Thanks in advance for any advice.

Could you provide the output during your training? In addition, I would like to see the definition of the loss function you were using in this case. — TQCH
@TQCH Loss Function: loss_func = nn.CrossEntropyLoss(); Output: Epoch: 1 Loss: 1.5514447689056396, Epoch: 2 Loss: 1.5514447689056396....Epoch: 49 Loss: 1.5514447689056396 — Jack Diskin

TQCH TQCH · Accepted Answer · 2021-01-11T06:48:45

It seems that the problem is due to the softmax activation at the last step of model forward and your loss function, loss_func = nn.CrossEntropyLoss() which actually takes raw logits instead.
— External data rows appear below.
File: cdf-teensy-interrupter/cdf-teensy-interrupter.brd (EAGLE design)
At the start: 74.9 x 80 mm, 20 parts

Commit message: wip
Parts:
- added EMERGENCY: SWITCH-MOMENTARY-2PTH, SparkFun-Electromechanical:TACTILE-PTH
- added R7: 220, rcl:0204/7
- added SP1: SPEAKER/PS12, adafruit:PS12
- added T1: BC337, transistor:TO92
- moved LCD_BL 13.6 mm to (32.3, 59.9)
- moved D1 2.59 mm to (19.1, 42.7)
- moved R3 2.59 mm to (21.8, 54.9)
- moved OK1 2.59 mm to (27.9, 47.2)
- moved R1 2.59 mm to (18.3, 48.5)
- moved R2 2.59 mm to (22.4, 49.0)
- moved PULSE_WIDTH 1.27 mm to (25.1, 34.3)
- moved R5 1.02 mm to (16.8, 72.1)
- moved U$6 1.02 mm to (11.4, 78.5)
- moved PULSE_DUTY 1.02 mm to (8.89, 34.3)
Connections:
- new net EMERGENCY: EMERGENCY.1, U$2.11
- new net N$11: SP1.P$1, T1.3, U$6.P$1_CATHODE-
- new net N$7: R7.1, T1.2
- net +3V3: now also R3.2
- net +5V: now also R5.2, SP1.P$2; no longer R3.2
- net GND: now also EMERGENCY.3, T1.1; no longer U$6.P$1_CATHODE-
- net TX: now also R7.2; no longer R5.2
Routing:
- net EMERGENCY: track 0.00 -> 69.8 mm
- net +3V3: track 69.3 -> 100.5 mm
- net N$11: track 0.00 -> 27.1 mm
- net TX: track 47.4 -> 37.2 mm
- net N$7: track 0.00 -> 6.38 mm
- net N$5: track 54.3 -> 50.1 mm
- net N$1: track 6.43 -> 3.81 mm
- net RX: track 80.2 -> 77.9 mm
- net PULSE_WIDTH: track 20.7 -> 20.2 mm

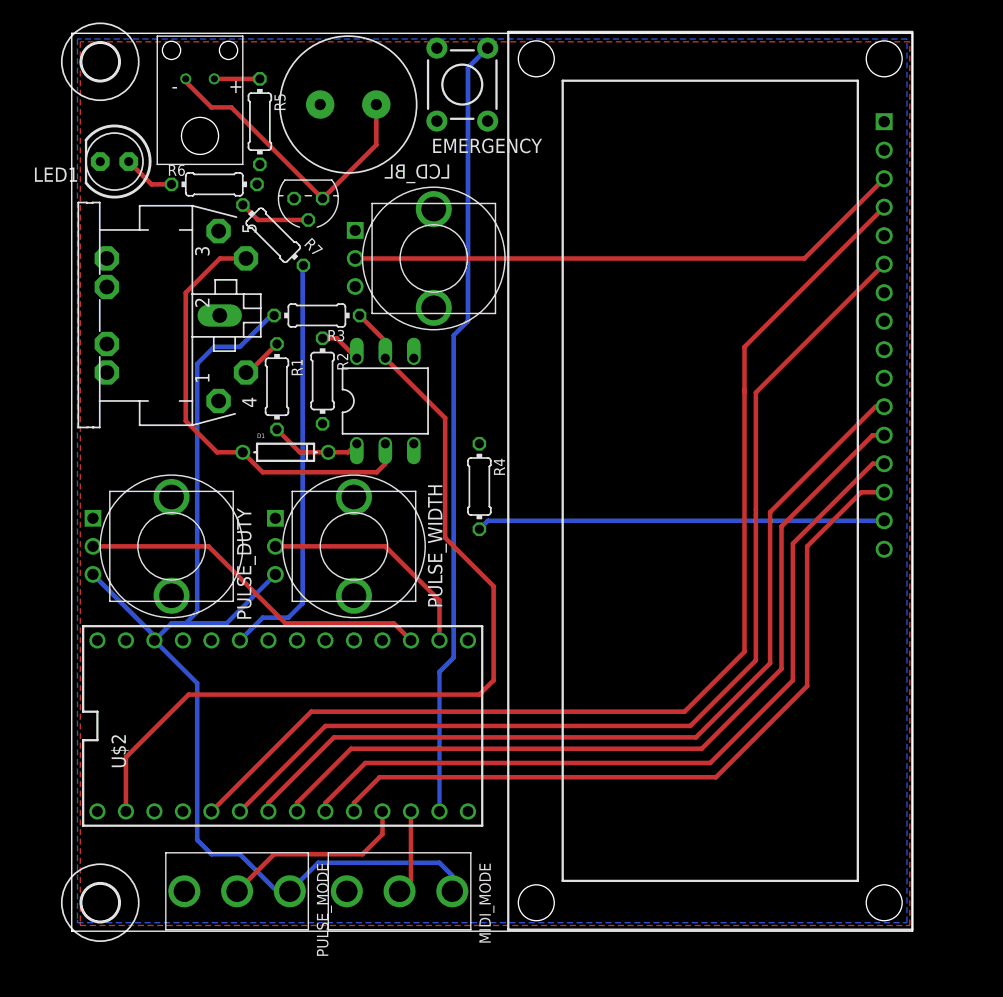
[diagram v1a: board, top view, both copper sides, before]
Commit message: add usb connector
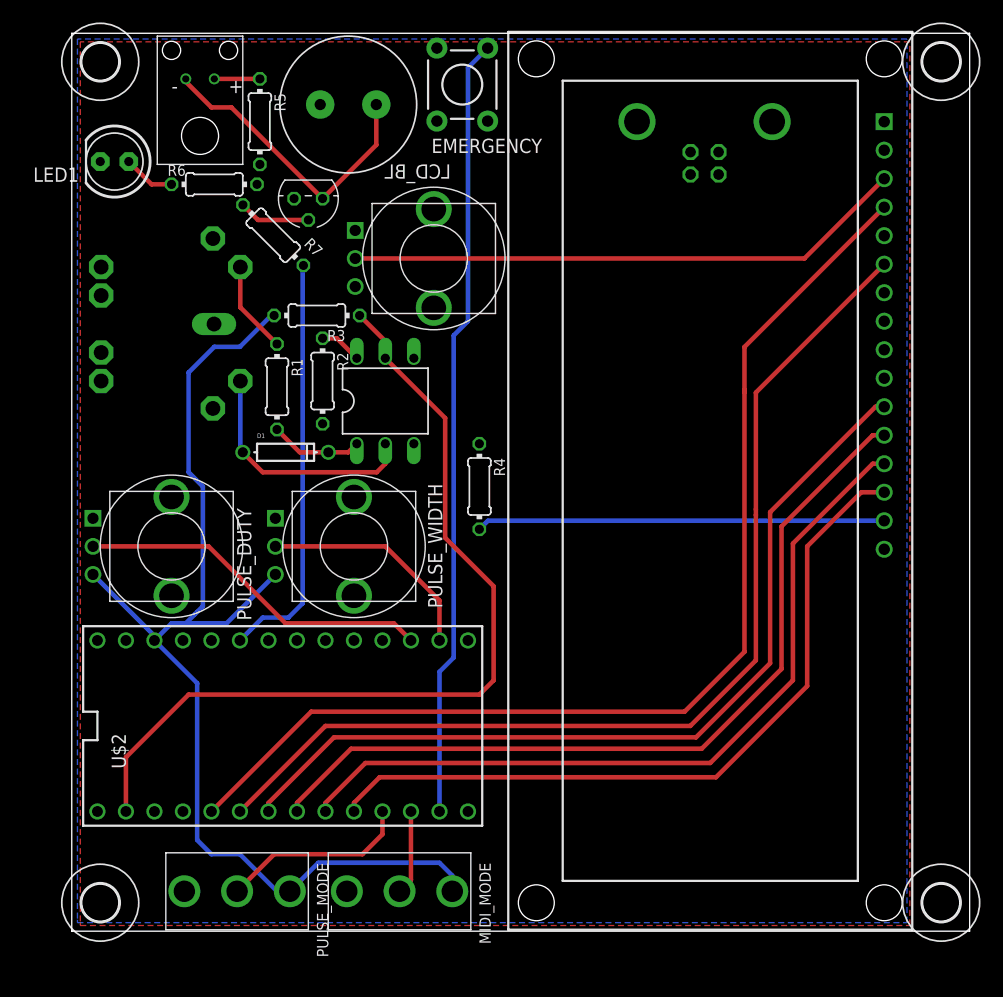
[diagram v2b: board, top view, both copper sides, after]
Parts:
- added H3, H4: MOUNT-HOLE3.3, holes:3,3
- added X1: (no value), keves:TE-292304-1
- moved U$1 0.92 mm to (0.00, 54.1), flipped to the bottom, turned to 90 degrees
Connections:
- net +5V: now also X1.1
- net GND: now also X1.4
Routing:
- net N$3: track 39.8 -> 22.0 mm
- net N$1: track 3.81 -> 8.21 mm
- net +3V3: track 100.5 -> 101.5 mm
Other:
- board size 74.9 x 80 mm -> 80 x 80 mm
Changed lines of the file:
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@@
 <?xml version="1.0" encoding="utf-8"?>
 <!DOCTYPE eagle SYSTEM "eagle.dtd">
-<eagle version="7.5.0">
+<eagle version="7.3.0">
 <drawing>
 <settings>
@@
 <layers>
 <layer number="1" name="Top" color="4" fill="1" visible="yes" active="yes"/>
+<layer number="2" name="Route2" color="1" fill="3" visible="yes" active="yes"/>
+<layer number="3" name="Route3" color="4" fill="3" visible="yes" active="yes"/>
+<layer number="4" name="Route4" color="1" fill="4" visible="yes" active="yes"/>
+<layer number="5" name="Route5" color="4" fill="4" visible="yes" active="yes"/>
+<layer number="6" name="Route6" color="1" fill="8" visible="yes" active="yes"/>
+<layer number="7" name="Route7" color="4" fill="8" visible="yes" active="yes"/>
+<layer number="8" name="Route8" color="1" fill="2" visible="yes" active="yes"/>
+<layer number="9" name="Route9" color="4" fill="2" visible="yes" active="yes"/>
+<layer number="10" name="Route10" color="1" fill="7" visible="yes" active="yes"/>
+<layer number="11" name="Route11" color="4" fill="7" visible="yes" active="yes"/>
+<layer number="12" name="Route12" color="1" fill="5" visible="yes" active="yes"/>
+<layer number="13" name="Route13" color="4" fill="5" visible="yes" active="yes"/>
+<layer number="14" name="Route14" color="1" fill="6" visible="yes" active="yes"/>
+<layer number="15" name="Route15" color="4" fill="6" visible="yes" active="yes"/>
 <layer number="16" name="Bottom" color="1" fill="1" visible="yes" active="yes"/>
 <layer number="17" name="Pads" color="2" fill="1" visible="yes" active="yes"/>
@@
 <layer number="56" name="wert" color="7" fill="1" visible="no" active="no"/>
 <layer number="57" name="tCAD" color="7" fill="1" visible="no" active="no"/>
+<layer number="58" name="bCAD" color="11" fill="1" visible="yes" active="yes"/>
 <layer number="59" name="tCarbon" color="7" fill="1" visible="no" active="no"/>
 <layer number="60" name="bCarbon" color="7" fill="1" visible="no" active="no"/>
@@
 <board>
 <plain>
-<wire x1="0" y1="0" x2="74.93" y2="0" width="0" layer="20"/>
-<wire x1="74.93" y1="0" x2="74.93" y2="80.01" width="0" layer="20"/>
-<wire x1="74.93" y1="80.01" x2="0" y2="80.01" width="0" layer="20"/>
+<wire x1="0" y1="0" x2="80.01" y2="0" width="0" layer="20"/>
+<wire x1="80.01" y1="0" x2="80.01" y2="80.01" width="0" layer="20"/>
+<wire x1="80.01" y1="80.01" x2="0" y2="80.01" width="0" layer="20"/>
 <wire x1="0" y1="80.01" x2="0" y2="0" width="0" layer="20"/>
 </plain>
@@
 <attribute name="VALUE" x="14.3256" y="67.0306" size="0.9906" layer="27" ratio="10" rot="R180"/>
 </element>
-<element name="U$1" library="keves" package="CP-2350" value="MIDIJACK" x="0.508" y="54.864" smashed="yes" rot="R270"/>
+<element name="U$1" library="keves" package="CP-2350" value="MIDIJACK" x="0" y="54.102" smashed="yes" rot="MR90"/>
 <element name="U$2" library="Teensy_3_and_LC_Series_Boards_v1.1" package="TEENSY3-DIL" value="TEENSY_3.1_DIL" x="18.796" y="18.288" smashed="yes" rot="R90">
 <attribute name="NAME" x="4.826" y="14.478" size="1.27" layer="25" font="vector" rot="R90"/>
@@
 <attribute name="VALUE" x="16.456115625" y="62.8278" size="0.9906" layer="27" ratio="10" rot="R315"/>
 </element>
+<element name="X1" library="keves" package="TE-292304-1" value="" x="56.388" y="72.136" rot="MR180">
+<attribute name="MPN" value="292304-1 " x="56.388" y="72.136" size="1.778" layer="28" rot="MR180" display="off"/>
+</element>
+<element name="H3" library="holes" package="3,3" value="MOUNT-HOLE3.3" x="77.47" y="2.54"/>
+<element name="H4" library="holes" package="3,3" value="MOUNT-HOLE3.3" x="77.47" y="77.47"/>
 </elements>
 <signals>
@@
 <contactref element="U$1" pad="4"/>
 <contactref element="R1" pad="1"/>
-<wire x1="15.528" y1="49.784" x2="15.748" y2="49.784" width="0.4064" layer="1"/>
-<wire x1="15.748" y1="49.784" x2="18.288" y2="52.324" width="0.4064" layer="1"/>
+<wire x1="15.02" y1="59.182" x2="15.02" y2="55.592" width="0.4064" layer="1"/>
+<wire x1="15.02" y1="55.592" x2="18.288" y2="52.324" width="0.4064" layer="1"/>
 </signal>
 <signal name="N$2">
@@
 <wire x1="27.178" y1="40.894" x2="17.018" y2="40.894" width="0.4064" layer="1"/>
 <wire x1="17.018" y1="40.894" x2="15.24" y2="42.672" width="0.4064" layer="1"/>
-<wire x1="15.528" y1="59.944" x2="13.208" y2="59.944" width="0.4064" layer="1"/>
-<wire x1="13.208" y1="59.944" x2="10.16" y2="56.896" width="0.4064" layer="1"/>
-<wire x1="10.16" y1="56.896" x2="10.16" y2="45.466" width="0.4064" layer="1"/>
-<wire x1="10.16" y1="45.466" x2="12.954" y2="42.672" width="0.4064" layer="1"/>
-<wire x1="12.954" y1="42.672" x2="15.24" y2="42.672" width="0.4064" layer="1"/>
+<wire x1="15.02" y1="49.022" x2="15.02" y2="42.892" width="0.4064" layer="16"/>
+<wire x1="15.02" y1="42.892" x2="15.24" y2="42.672" width="0.4064" layer="16"/>
 </signal>
 <signal name="GND">
@@
 <contactref element="EMERGENCY" pad="3"/>
 <contactref element="T1" pad="1"/>
+<contactref element="X1" pad="4"/>
 </signal>
 <signal name="+5V">
@@
 <contactref element="SP1" pad="P$2"/>
 <contactref element="R5" pad="2"/>
+<contactref element="X1" pad="1"/>
 </signal>
 <signal name="N$4">
@@
 <wire x1="17.78" y1="54.864" x2="14.986" y2="52.07" width="0.4064" layer="16"/>
 <wire x1="14.986" y1="52.07" x2="12.7" y2="52.07" width="0.4064" layer="16"/>
-<wire x1="12.7" y1="52.07" x2="11.176" y2="50.546" width="0.4064" layer="16"/>
-<wire x1="11.176" y1="50.546" x2="11.176" y2="28.448" width="0.4064" layer="16"/>
-<wire x1="11.176" y1="28.448" x2="10.16" y2="27.432" width="0.4064" layer="16"/>
+<wire x1="12.7" y1="52.07" x2="10.414" y2="49.784" width="0.4064" layer="16"/>
+<wire x1="11.176" y1="28.448" x2="10.922" y2="28.194" width="0.4064" layer="16"/>
+<wire x1="10.922" y1="28.194" x2="10.16" y2="27.432" width="0.4064" layer="16"/>
+<wire x1="10.414" y1="49.784" x2="10.414" y2="40.894" width="0.4064" layer="16"/>
+<wire x1="10.414" y1="40.894" x2="11.684" y2="39.624" width="0.4064" layer="16"/>
+<wire x1="11.684" y1="39.624" x2="11.684" y2="28.956" width="0.4064" layer="16"/>
+<wire x1="11.684" y1="28.956" x2="11.176" y2="28.448" width="0.4064" layer="16"/>
 </signal>
 <signal name="LCD_EN">

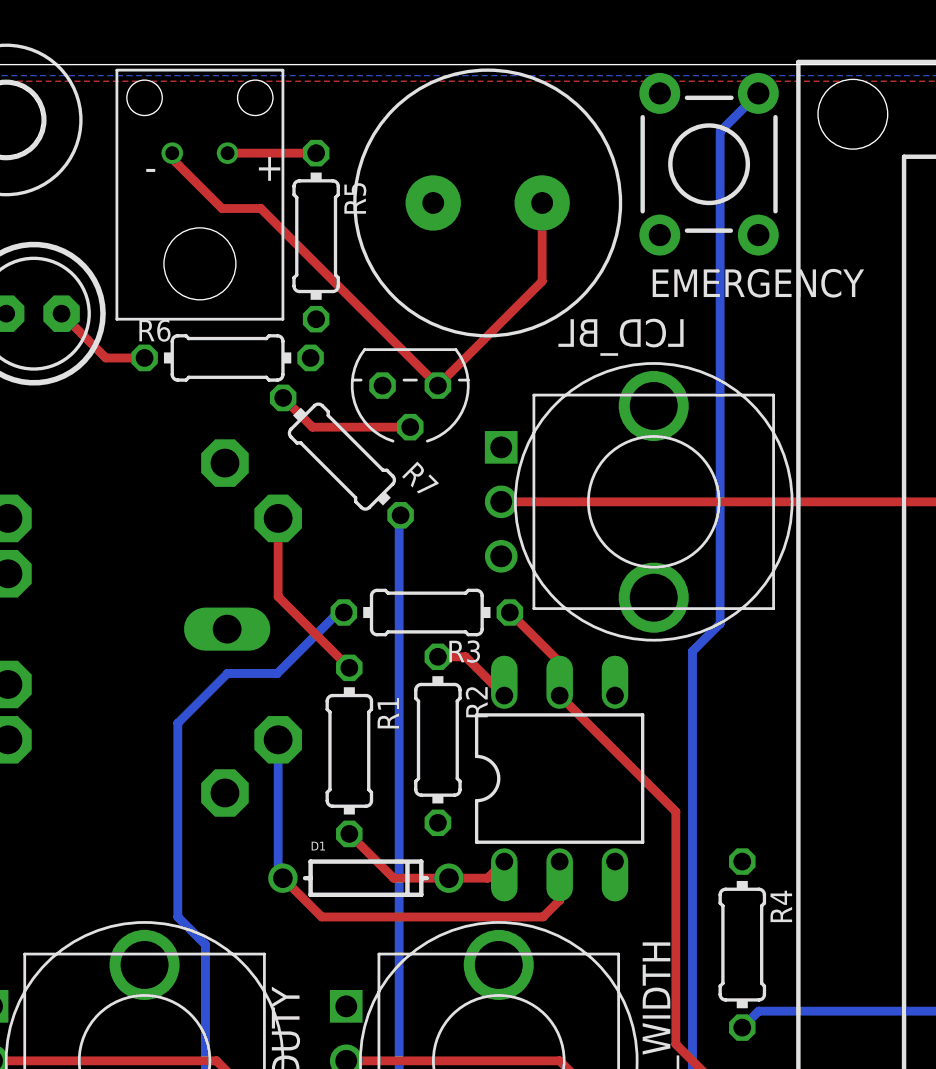
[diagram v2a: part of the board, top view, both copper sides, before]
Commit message: correct optical footprint
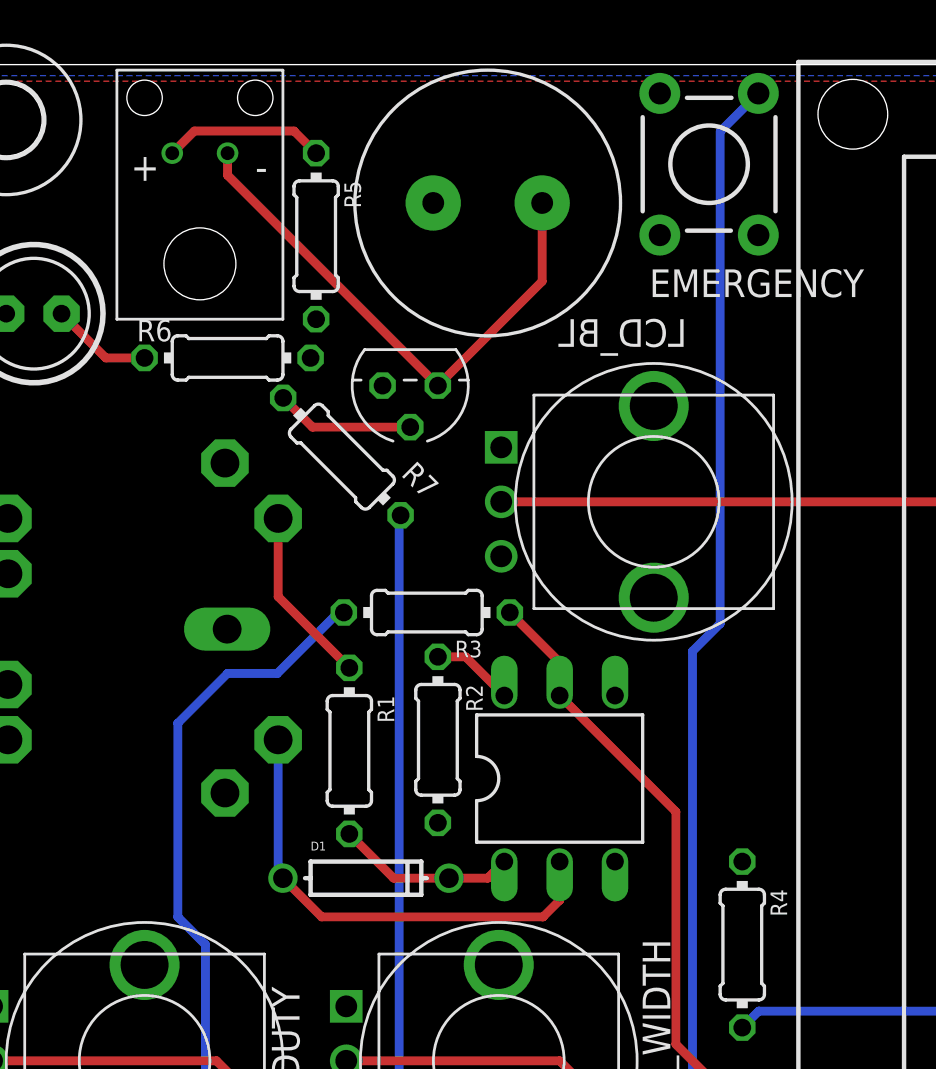
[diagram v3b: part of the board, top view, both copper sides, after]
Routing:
- net N$8: track 4.06 -> 7.45 mm
- net N$11: track 27.1 -> 25.0 mm
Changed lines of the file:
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@@
 <layers>
 <layer number="1" name="Top" color="4" fill="1" visible="yes" active="yes"/>
-<layer number="2" name="Route2" color="1" fill="3" visible="yes" active="yes"/>
-<layer number="3" name="Route3" color="4" fill="3" visible="yes" active="yes"/>
-<layer number="4" name="Route4" color="1" fill="4" visible="yes" active="yes"/>
-<layer number="5" name="Route5" color="4" fill="4" visible="yes" active="yes"/>
-<layer number="6" name="Route6" color="1" fill="8" visible="yes" active="yes"/>
-<layer number="7" name="Route7" color="4" fill="8" visible="yes" active="yes"/>
-<layer number="8" name="Route8" color="1" fill="2" visible="yes" active="yes"/>
-<layer number="9" name="Route9" color="4" fill="2" visible="yes" active="yes"/>
-<layer number="10" name="Route10" color="1" fill="7" visible="yes" active="yes"/>
-<layer number="11" name="Route11" color="4" fill="7" visible="yes" active="yes"/>
-<layer number="12" name="Route12" color="1" fill="5" visible="yes" active="yes"/>
-<layer number="13" name="Route13" color="4" fill="5" visible="yes" active="yes"/>
-<layer number="14" name="Route14" color="1" fill="6" visible="yes" active="yes"/>
-<layer number="15" name="Route15" color="4" fill="6" visible="yes" active="yes"/>
 <layer number="16" name="Bottom" color="1" fill="1" visible="yes" active="yes"/>
 <layer number="17" name="Pads" color="2" fill="1" visible="yes" active="yes"/>
@@
 <contactref element="R5" pad="1"/>
 <contactref element="U$6" pad="P$2_ANODE+"/>
-<wire x1="12.7" y1="75.946" x2="16.764" y2="75.946" width="0.4064" layer="1"/>
+<wire x1="16.764" y1="75.946" x2="15.748" y2="76.962" width="0.4064" layer="1"/>
+<wire x1="15.748" y1="76.962" x2="11.176" y2="76.962" width="0.4064" layer="1"/>
+<wire x1="11.176" y1="76.962" x2="10.16" y2="75.946" width="0.4064" layer="1"/>
 </signal>
 <signal name="N$9">
@@
 <wire x1="27.138" y1="73.66" x2="27.138" y2="70.064" width="0.4064" layer="1"/>
 <wire x1="27.138" y1="70.064" x2="22.352" y2="65.278" width="0.4064" layer="1"/>
-<wire x1="10.16" y1="75.946" x2="10.16" y2="75.692" width="0.4064" layer="1"/>
-<wire x1="10.16" y1="75.692" x2="12.446" y2="73.406" width="0.4064" layer="1"/>
-<wire x1="12.446" y1="73.406" x2="14.224" y2="73.406" width="0.4064" layer="1"/>
-<wire x1="14.224" y1="73.406" x2="22.352" y2="65.278" width="0.4064" layer="1"/>
+<wire x1="12.7" y1="74.93" x2="22.352" y2="65.278" width="0.4064" layer="1"/>
+<wire x1="12.7" y1="75.946" x2="12.7" y2="74.93" width="0.4064" layer="1"/>
 </signal>
 </signals>

Please check the official documentation:

class torch.nn.CrossEntropyLoss(weight: Optional[torch.Tensor] = None, size_average=None, ignore_index: int = -100, reduce=None, reduction: str = 'mean')

and

This criterion combines nn.LogSoftmax() and nn.NLLLoss() in one single class. The input is expected to contain raw, unnormalized scores for each class.